==== TASK MATERIAL ====

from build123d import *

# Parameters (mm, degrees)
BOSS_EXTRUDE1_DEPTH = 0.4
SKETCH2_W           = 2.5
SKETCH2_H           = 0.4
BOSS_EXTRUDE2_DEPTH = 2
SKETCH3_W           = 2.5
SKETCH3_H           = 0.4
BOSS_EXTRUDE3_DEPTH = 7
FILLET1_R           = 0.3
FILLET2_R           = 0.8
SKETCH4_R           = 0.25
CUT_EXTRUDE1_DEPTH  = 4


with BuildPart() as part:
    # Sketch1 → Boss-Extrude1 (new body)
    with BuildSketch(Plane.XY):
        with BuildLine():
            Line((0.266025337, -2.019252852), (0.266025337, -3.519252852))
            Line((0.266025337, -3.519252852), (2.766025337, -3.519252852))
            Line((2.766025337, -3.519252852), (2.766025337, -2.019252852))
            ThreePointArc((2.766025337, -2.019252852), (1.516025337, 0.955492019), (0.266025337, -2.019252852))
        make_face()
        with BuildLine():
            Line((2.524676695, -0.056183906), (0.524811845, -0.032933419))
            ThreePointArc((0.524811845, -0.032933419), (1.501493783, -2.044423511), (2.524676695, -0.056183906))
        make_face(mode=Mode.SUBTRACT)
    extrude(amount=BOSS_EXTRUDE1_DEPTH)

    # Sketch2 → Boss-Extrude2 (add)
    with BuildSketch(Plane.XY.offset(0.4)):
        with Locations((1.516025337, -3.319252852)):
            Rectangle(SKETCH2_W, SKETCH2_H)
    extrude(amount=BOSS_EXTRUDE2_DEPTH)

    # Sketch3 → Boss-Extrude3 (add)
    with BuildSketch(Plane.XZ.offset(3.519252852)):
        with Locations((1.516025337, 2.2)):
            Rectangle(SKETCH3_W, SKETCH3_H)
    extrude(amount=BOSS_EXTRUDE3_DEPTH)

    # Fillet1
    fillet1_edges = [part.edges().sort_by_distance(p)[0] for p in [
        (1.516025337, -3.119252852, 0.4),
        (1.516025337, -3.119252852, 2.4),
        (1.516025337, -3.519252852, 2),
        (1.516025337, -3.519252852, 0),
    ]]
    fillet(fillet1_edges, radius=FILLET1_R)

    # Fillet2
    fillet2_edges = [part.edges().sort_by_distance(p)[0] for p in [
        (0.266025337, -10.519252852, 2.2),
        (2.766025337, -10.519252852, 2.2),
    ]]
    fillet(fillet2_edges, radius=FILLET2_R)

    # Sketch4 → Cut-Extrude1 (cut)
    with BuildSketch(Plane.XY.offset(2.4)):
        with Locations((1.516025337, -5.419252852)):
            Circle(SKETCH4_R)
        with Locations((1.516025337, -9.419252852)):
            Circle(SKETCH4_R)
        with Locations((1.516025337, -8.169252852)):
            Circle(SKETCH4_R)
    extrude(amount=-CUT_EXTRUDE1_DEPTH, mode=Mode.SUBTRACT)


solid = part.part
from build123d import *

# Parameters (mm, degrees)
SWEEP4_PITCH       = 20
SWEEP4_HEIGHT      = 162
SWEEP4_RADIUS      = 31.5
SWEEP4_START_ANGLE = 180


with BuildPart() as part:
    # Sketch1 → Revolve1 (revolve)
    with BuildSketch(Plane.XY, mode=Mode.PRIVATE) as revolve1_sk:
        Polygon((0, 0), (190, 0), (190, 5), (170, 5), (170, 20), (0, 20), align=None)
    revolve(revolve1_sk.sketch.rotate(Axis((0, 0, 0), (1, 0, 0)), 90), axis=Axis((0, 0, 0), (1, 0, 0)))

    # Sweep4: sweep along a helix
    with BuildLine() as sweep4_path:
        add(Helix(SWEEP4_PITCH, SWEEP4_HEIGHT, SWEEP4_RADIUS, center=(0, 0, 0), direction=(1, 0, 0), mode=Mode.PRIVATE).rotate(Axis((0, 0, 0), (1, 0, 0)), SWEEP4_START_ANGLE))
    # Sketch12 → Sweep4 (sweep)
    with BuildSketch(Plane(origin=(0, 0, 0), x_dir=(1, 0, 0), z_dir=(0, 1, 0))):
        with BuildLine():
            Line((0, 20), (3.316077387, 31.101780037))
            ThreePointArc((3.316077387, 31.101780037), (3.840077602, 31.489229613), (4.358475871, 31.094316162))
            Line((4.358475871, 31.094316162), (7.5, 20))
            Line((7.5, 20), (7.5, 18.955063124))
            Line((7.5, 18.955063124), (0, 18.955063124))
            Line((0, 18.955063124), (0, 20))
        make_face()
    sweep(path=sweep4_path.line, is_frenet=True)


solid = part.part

====

(PROMPT) In the data above, which lines lie between the line with "fillet2_edges = [part.edges().sort_by_distance(p)[0]" and the line with "0, 0)), SWEEP4_START_ANGLE))", inclusive? Print those lines exactly and nothing else.

(TASK SOLUTION)
    fillet2_edges = [part.edges().sort_by_distance(p)[0] for p in [
        (0.266025337, -10.519252852, 2.2),
        (2.766025337, -10.519252852, 2.2),
    ]]
    fillet(fillet2_edges, radius=FILLET2_R)

    # Sketch4 → Cut-Extrude1 (cut)
    with BuildSketch(Plane.XY.offset(2.4)):
        with Locations((1.516025337, -5.419252852)):
            Circle(SKETCH4_R)
        with Locations((1.516025337, -9.419252852)):
            Circle(SKETCH4_R)
        with Locations((1.516025337, -8.169252852)):
            Circle(SKETCH4_R)
    extrude(amount=-CUT_EXTRUDE1_DEPTH, mode=Mode.SUBTRACT)


solid = part.part
from build123d import *

# Parameters (mm, degrees)
SWEEP4_PITCH       = 20
SWEEP4_HEIGHT      = 162
SWEEP4_RADIUS      = 31.5
SWEEP4_START_ANGLE = 180


with BuildPart() as part:
    # Sketch1 → Revolve1 (revolve)
    with BuildSketch(Plane.XY, mode=Mode.PRIVATE) as revolve1_sk:
        Polygon((0, 0), (190, 0), (190, 5), (170, 5), (170, 20), (0, 20), align=None)
    revolve(revolve1_sk.sketch.rotate(Axis((0, 0, 0), (1, 0, 0)), 90), axis=Axis((0, 0, 0), (1, 0, 0)))

    # Sweep4: sweep along a helix
    with BuildLine() as sweep4_path:
        add(Helix(SWEEP4_PITCH, SWEEP4_HEIGHT, SWEEP4_RADIUS, center=(0, 0, 0), direction=(1, 0, 0), mode=Mode.PRIVATE).rotate(Axis((0, 0, 0), (1, 0, 0)), SWEEP4_START_ANGLE))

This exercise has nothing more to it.